Students predict from graphs of simple 2-d vector fields whether the curl is positive, negative, or zero in various regions of the domain using the definition of the curl of a vector field at a point as the maximum circulation per unit area through an infinitesimal box surrounding that point. Optionally, students can use computer algebra to verify their predictions.
For each of the vector fields below, decide whether the \(z\)-component of the curl is postive, negative, or zero in each quadrant. Be prepared to defend your answers.
We precede this activity with a derivation of the rectangular coordinate expression for curl: (the magnitude of a particular component of) the curl is the circulation per unit area around an appropriately chosen planar loop.
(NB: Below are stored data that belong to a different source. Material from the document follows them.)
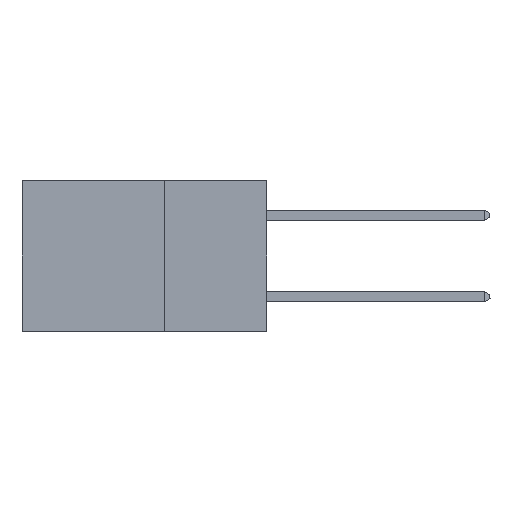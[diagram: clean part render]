
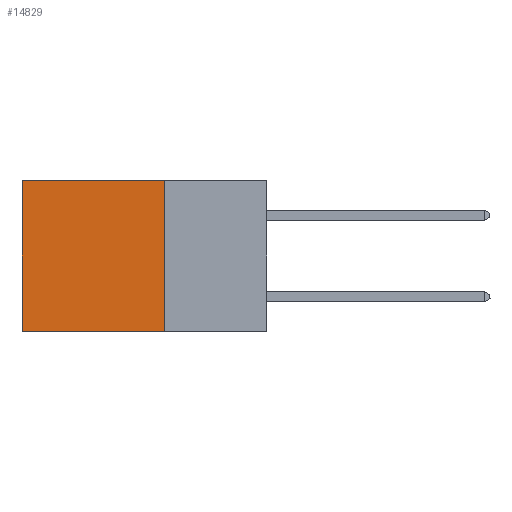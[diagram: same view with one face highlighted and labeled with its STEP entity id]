
A CAD part, left-side view. The second image highlights one B-rep face of the part: STEP entity #14829.
In plain terms, the highlighted planar face has unit normal (-1, 0, 0).
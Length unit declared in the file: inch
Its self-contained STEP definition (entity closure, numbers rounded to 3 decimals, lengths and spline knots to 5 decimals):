
#82 = FACE_OUTER_BOUND ( 'NONE', #16552, .T. ) ;
#3076 = CARTESIAN_POINT ( 'NONE',  ( 0.2875, 0.25, 0. ) ) ;
#3262 = DIRECTION ( 'NONE',  ( 0., 1., 0. ) ) ;
#3891 = DIRECTION ( 'NONE',  ( 0., 0., -1. ) ) ;
#3918 = VERTEX_POINT ( 'NONE', #18001 ) ;
#4790 = ORIENTED_EDGE ( 'NONE', *, *, #13304, .T. ) ;
#4974 = EDGE_CURVE ( 'NONE', #17483, #12637, #22661, .T. ) ;
#5040 = CARTESIAN_POINT ( 'NONE',  ( 0.2875, 0.25, 0. ) ) ;
#6091 = ORIENTED_EDGE ( 'NONE', *, *, #4974, .F. ) ;
#6263 = PLANE ( 'NONE',  #10978 ) ;
#6982 = DIRECTION ( 'NONE',  ( 1., 0., 0. ) ) ;
#7285 = EDGE_CURVE ( 'NONE', #16987, #17483, #17752, .T. ) ;
#7345 = VECTOR ( 'NONE', #3891, 39.37008 ) ;
#7652 = CARTESIAN_POINT ( 'NONE',  ( 0.2875, 0.25, 0. ) ) ;
#8480 = ORIENTED_EDGE ( 'NONE', *, *, #20409, .T. ) ;
#8935 = CARTESIAN_POINT ( 'NONE',  ( 0.2875, 0.25, -0.37 ) ) ;
#9960 = CARTESIAN_POINT ( 'NONE',  ( 0.2875, 0.6, 0. ) ) ;
#10436 = CARTESIAN_POINT ( 'NONE',  ( 0.2875, 0.25, 0. ) ) ;
#10978 = AXIS2_PLACEMENT_3D ( 'NONE', #10436, #6982, #11157 ) ;
#11157 = DIRECTION ( 'NONE',  ( 0., 0., -1. ) ) ;
#11333 = VECTOR ( 'NONE', #14057, 39.37008 ) ;
#11601 = ORIENTED_EDGE ( 'NONE', *, *, #7285, .F. ) ;
#12637 = VERTEX_POINT ( 'NONE', #19461 ) ;
#13304 = EDGE_CURVE ( 'NONE', #16987, #3918, #25485, .T. ) ;
#14057 = DIRECTION ( 'NONE',  ( 0., 1., 0. ) ) ;
#14829 = ADVANCED_FACE ( 'NONE', ( #82 ), #6263, .F. ) ;
#15237 = CARTESIAN_POINT ( 'NONE',  ( 0.2875, 0.25, -0.37 ) ) ;
#16552 = EDGE_LOOP ( 'NONE', ( #8480, #6091, #11601, #4790 ) ) ;
#16987 = VERTEX_POINT ( 'NONE', #5040 ) ;
#17483 = VERTEX_POINT ( 'NONE', #15237 ) ;
#17645 = LINE ( 'NONE', #9960, #7345 ) ;
#17752 = LINE ( 'NONE', #3076, #21921 ) ;
#18001 = CARTESIAN_POINT ( 'NONE',  ( 0.2875, 0.6, 0. ) ) ;
#19461 = CARTESIAN_POINT ( 'NONE',  ( 0.2875, 0.6, -0.37 ) ) ;
#20409 = EDGE_CURVE ( 'NONE', #3918, #12637, #17645, .T. ) ;
#20894 = VECTOR ( 'NONE', #3262, 39.37008 ) ;
#21921 = VECTOR ( 'NONE', #23334, 39.37008 ) ;
#22661 = LINE ( 'NONE', #8935, #20894 ) ;
#23334 = DIRECTION ( 'NONE',  ( 0., 0., -1. ) ) ;
#25485 = LINE ( 'NONE', #7652, #11333 ) ;
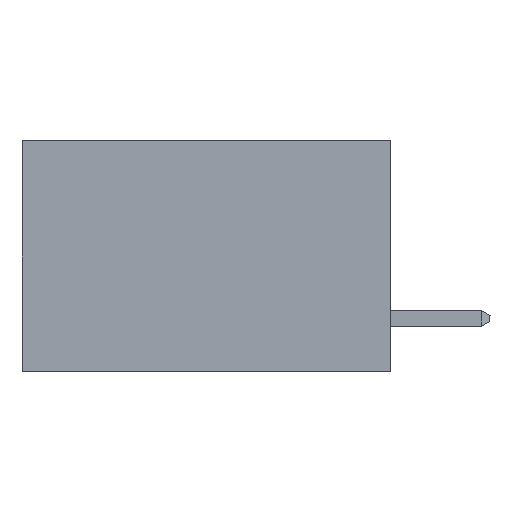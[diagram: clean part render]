
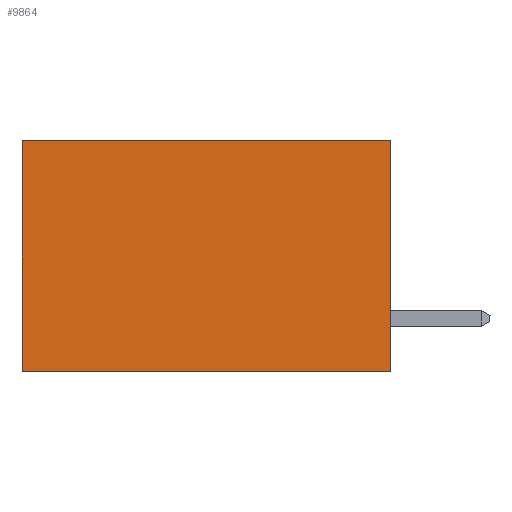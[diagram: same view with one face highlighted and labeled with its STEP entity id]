
A CAD part, left-side view. The second image highlights one B-rep face of the part: STEP entity #9864.
In plain terms, the highlighted planar face has unit normal (-1, 0, 0).
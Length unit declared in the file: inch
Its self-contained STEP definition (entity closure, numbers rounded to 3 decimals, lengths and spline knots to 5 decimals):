
#633 = DIRECTION ( 'NONE',  ( 1., 0., 0. ) ) ;
#1026 = VERTEX_POINT ( 'NONE', #2031 ) ;
#1300 = ORIENTED_EDGE ( 'NONE', *, *, #6601, .F. ) ;
#2031 = CARTESIAN_POINT ( 'NONE',  ( 0.277, 0.59, -0.37 ) ) ;
#2275 = PLANE ( 'NONE',  #10453 ) ;
#2322 = LINE ( 'NONE', #5188, #4581 ) ;
#2733 = LINE ( 'NONE', #8108, #9097 ) ;
#2787 = CARTESIAN_POINT ( 'NONE',  ( 0.277, 0., 0. ) ) ;
#2810 = VERTEX_POINT ( 'NONE', #2787 ) ;
#2876 = CARTESIAN_POINT ( 'NONE',  ( 0.277, 0., -0.37 ) ) ;
#3482 = CARTESIAN_POINT ( 'NONE',  ( 0.277, 0., 0. ) ) ;
#3499 = ORIENTED_EDGE ( 'NONE', *, *, #9678, .F. ) ;
#3613 = DIRECTION ( 'NONE',  ( 0., 1., 0. ) ) ;
#3737 = DIRECTION ( 'NONE',  ( 0., 1., 0. ) ) ;
#4581 = VECTOR ( 'NONE', #5156, 39.37008 ) ;
#4582 = VECTOR ( 'NONE', #3613, 39.37008 ) ;
#5117 = LINE ( 'NONE', #2876, #8707 ) ;
#5156 = DIRECTION ( 'NONE',  ( 0., 0., -1. ) ) ;
#5188 = CARTESIAN_POINT ( 'NONE',  ( 0.277, 0.59, -0.37 ) ) ;
#5554 = EDGE_LOOP ( 'NONE', ( #7412, #3499, #1300, #10706 ) ) ;
#5673 = CARTESIAN_POINT ( 'NONE',  ( 0.277, 0., -0.37 ) ) ;
#5801 = VERTEX_POINT ( 'NONE', #8678 ) ;
#6502 = DIRECTION ( 'NONE',  ( 0., 0., -1. ) ) ;
#6601 = EDGE_CURVE ( 'NONE', #2810, #5801, #2733, .T. ) ;
#6900 = EDGE_CURVE ( 'NONE', #10573, #1026, #2322, .T. ) ;
#7093 = FACE_OUTER_BOUND ( 'NONE', #5554, .T. ) ;
#7412 = ORIENTED_EDGE ( 'NONE', *, *, #6900, .T. ) ;
#7524 = EDGE_CURVE ( 'NONE', #2810, #10573, #8971, .T. ) ;
#8108 = CARTESIAN_POINT ( 'NONE',  ( 0.277, 0., -0.37 ) ) ;
#8344 = DIRECTION ( 'NONE',  ( 0., 0., -1. ) ) ;
#8678 = CARTESIAN_POINT ( 'NONE',  ( 0.277, 0., -0.37 ) ) ;
#8707 = VECTOR ( 'NONE', #3737, 39.37008 ) ;
#8971 = LINE ( 'NONE', #3482, #4582 ) ;
#9030 = CARTESIAN_POINT ( 'NONE',  ( 0.277, 0.59, 0. ) ) ;
#9097 = VECTOR ( 'NONE', #8344, 39.37008 ) ;
#9678 = EDGE_CURVE ( 'NONE', #5801, #1026, #5117, .T. ) ;
#9864 = ADVANCED_FACE ( 'NONE', ( #7093 ), #2275, .F. ) ;
#10453 = AXIS2_PLACEMENT_3D ( 'NONE', #5673, #633, #6502 ) ;
#10573 = VERTEX_POINT ( 'NONE', #9030 ) ;
#10706 = ORIENTED_EDGE ( 'NONE', *, *, #7524, .T. ) ;

Our derivation follows the one in Div, grad, curl and all that, Schey, 2nd edition, Norton, 1973, p. 74.
Then the students are presented with a number of examples of 2-d vector fields in dry eraseable plastic sleeves. Most vector fields are shown as a cross-section of the field and it is assumed the the vector field is independent of the third (unshown) dimension. Students are asked to use the definition of curl to predict the sign and relative magnitude of the curl in each quadrant. Optionally, a prepared Mathematica worksheet can be used to calculate the curl, so students can check their predictions.
A quick whole class discussion of the items listed in Student Conversations.